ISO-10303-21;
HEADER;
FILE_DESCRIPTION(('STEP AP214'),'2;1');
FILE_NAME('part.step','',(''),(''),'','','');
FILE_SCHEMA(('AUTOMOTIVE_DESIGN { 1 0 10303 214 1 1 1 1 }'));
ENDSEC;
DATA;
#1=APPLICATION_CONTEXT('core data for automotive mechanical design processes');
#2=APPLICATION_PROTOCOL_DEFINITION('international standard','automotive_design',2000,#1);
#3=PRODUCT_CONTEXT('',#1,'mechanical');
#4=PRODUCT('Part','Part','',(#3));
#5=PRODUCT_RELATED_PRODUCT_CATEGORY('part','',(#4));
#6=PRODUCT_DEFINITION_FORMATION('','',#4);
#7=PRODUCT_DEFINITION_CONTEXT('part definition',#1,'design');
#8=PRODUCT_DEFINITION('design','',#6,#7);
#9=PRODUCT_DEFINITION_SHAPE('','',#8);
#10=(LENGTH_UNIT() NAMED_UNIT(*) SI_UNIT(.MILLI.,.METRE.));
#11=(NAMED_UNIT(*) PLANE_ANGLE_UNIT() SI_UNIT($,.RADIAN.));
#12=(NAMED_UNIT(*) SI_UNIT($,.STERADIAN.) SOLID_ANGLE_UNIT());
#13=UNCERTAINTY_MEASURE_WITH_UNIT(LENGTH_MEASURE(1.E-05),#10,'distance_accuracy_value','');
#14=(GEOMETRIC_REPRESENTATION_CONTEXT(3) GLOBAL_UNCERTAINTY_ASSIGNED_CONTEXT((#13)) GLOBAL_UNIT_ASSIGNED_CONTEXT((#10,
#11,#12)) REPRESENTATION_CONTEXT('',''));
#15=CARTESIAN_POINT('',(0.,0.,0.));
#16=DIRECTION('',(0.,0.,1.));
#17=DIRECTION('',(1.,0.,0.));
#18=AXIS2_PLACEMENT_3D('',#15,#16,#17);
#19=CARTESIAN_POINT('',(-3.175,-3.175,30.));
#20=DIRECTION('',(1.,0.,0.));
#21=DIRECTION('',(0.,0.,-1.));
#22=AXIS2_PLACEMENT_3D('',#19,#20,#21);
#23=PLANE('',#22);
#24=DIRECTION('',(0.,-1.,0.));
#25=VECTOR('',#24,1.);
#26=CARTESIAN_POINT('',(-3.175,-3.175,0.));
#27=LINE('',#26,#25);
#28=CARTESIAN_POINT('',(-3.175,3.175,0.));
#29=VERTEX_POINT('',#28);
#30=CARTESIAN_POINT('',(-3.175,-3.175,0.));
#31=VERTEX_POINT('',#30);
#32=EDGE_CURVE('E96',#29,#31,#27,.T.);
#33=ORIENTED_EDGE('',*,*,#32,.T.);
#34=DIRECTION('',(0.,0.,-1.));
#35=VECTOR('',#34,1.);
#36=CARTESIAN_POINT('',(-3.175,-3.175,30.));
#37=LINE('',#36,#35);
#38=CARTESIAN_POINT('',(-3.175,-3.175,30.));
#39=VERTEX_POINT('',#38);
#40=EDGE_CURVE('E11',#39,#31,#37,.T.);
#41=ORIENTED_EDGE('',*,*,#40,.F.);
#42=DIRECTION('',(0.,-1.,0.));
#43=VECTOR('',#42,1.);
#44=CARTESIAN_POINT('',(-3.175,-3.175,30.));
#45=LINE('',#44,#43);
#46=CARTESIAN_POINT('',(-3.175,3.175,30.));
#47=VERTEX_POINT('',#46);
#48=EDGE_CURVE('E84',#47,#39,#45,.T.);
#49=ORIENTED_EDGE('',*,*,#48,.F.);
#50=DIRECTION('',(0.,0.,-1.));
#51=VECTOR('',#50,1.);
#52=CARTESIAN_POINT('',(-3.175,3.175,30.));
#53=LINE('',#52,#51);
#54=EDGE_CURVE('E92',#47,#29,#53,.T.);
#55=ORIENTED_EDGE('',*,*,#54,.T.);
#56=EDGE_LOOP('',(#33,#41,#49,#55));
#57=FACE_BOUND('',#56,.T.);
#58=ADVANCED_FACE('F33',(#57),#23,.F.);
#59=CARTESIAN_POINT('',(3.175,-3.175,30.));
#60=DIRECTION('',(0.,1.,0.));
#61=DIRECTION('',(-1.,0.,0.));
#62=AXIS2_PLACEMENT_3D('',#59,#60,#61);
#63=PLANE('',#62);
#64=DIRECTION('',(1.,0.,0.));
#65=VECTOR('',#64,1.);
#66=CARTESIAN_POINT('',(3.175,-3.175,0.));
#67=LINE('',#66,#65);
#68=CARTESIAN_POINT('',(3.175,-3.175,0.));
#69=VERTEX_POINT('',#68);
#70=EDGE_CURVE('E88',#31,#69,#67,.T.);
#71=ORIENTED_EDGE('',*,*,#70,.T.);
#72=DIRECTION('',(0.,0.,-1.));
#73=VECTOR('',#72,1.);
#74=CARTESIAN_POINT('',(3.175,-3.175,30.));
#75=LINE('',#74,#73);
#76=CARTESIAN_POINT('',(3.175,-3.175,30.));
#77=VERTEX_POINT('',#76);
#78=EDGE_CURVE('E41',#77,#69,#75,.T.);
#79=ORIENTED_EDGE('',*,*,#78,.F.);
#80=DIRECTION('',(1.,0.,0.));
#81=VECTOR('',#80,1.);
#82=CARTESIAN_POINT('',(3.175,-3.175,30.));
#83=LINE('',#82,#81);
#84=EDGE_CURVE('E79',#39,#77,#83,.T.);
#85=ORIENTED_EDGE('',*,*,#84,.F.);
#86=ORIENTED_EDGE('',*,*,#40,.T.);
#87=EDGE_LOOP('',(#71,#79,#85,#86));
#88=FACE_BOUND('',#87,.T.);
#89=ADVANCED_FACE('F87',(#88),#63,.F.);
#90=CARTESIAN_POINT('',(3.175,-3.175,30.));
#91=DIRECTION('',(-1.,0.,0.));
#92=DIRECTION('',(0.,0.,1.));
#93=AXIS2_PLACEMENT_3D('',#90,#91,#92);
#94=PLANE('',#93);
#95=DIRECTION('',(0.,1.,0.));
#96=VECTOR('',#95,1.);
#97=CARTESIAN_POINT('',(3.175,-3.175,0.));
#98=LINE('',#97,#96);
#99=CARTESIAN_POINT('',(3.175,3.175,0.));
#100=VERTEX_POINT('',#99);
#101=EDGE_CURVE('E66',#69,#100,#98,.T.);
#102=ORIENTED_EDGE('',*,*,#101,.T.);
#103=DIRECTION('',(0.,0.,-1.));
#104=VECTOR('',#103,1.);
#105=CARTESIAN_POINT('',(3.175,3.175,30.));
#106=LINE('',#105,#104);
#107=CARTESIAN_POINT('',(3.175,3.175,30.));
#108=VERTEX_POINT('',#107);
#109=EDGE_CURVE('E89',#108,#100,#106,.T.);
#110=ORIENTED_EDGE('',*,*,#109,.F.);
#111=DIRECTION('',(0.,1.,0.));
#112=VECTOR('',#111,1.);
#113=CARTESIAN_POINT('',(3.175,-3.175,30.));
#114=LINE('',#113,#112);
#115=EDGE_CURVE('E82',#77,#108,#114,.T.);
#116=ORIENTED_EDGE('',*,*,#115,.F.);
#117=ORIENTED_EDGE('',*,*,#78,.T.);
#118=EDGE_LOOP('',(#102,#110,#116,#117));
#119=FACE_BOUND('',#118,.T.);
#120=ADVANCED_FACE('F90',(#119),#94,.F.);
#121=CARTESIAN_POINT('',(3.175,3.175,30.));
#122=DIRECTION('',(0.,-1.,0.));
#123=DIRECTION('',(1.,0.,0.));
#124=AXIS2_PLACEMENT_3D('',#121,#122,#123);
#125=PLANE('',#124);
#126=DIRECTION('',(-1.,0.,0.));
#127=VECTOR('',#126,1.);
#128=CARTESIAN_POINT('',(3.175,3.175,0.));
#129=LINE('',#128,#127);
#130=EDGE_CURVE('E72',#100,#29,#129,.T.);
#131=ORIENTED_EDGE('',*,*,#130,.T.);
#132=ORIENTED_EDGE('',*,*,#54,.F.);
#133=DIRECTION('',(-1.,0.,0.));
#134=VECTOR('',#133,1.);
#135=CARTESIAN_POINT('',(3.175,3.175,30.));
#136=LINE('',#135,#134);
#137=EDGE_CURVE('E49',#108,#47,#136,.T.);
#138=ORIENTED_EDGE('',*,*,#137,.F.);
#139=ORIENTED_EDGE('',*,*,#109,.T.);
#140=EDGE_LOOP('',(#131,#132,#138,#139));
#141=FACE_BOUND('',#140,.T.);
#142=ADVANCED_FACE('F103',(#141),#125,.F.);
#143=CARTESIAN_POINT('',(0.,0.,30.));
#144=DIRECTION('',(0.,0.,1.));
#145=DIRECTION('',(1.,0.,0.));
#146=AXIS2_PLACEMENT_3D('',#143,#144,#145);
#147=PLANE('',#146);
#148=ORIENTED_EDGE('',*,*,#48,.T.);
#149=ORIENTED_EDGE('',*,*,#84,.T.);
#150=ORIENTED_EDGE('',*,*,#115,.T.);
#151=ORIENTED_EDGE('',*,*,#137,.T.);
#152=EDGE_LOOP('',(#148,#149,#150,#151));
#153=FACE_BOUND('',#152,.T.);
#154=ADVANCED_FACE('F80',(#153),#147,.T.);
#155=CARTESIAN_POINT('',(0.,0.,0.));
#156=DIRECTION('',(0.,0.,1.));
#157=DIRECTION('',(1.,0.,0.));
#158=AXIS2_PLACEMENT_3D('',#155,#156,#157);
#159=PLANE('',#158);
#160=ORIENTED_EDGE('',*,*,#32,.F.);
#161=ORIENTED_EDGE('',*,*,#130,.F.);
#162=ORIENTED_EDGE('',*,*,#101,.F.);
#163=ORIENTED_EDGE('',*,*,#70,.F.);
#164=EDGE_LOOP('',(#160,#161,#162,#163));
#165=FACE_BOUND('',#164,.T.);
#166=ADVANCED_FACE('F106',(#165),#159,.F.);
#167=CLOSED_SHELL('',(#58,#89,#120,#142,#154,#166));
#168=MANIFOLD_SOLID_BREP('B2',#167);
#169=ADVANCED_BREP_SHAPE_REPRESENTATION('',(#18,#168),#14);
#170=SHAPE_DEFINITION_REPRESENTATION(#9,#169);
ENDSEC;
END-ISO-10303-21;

= = = = =

Lines in the material above that include the string "VECTOR" should be listed.

#25=VECTOR('',#24,1.);
#35=VECTOR('',#34,1.);
#43=VECTOR('',#42,1.);
#51=VECTOR('',#50,1.);
#65=VECTOR('',#64,1.);
#73=VECTOR('',#72,1.);
#81=VECTOR('',#80,1.);
#96=VECTOR('',#95,1.);
#104=VECTOR('',#103,1.);
#112=VECTOR('',#111,1.);
#127=VECTOR('',#126,1.);
#134=VECTOR('',#133,1.);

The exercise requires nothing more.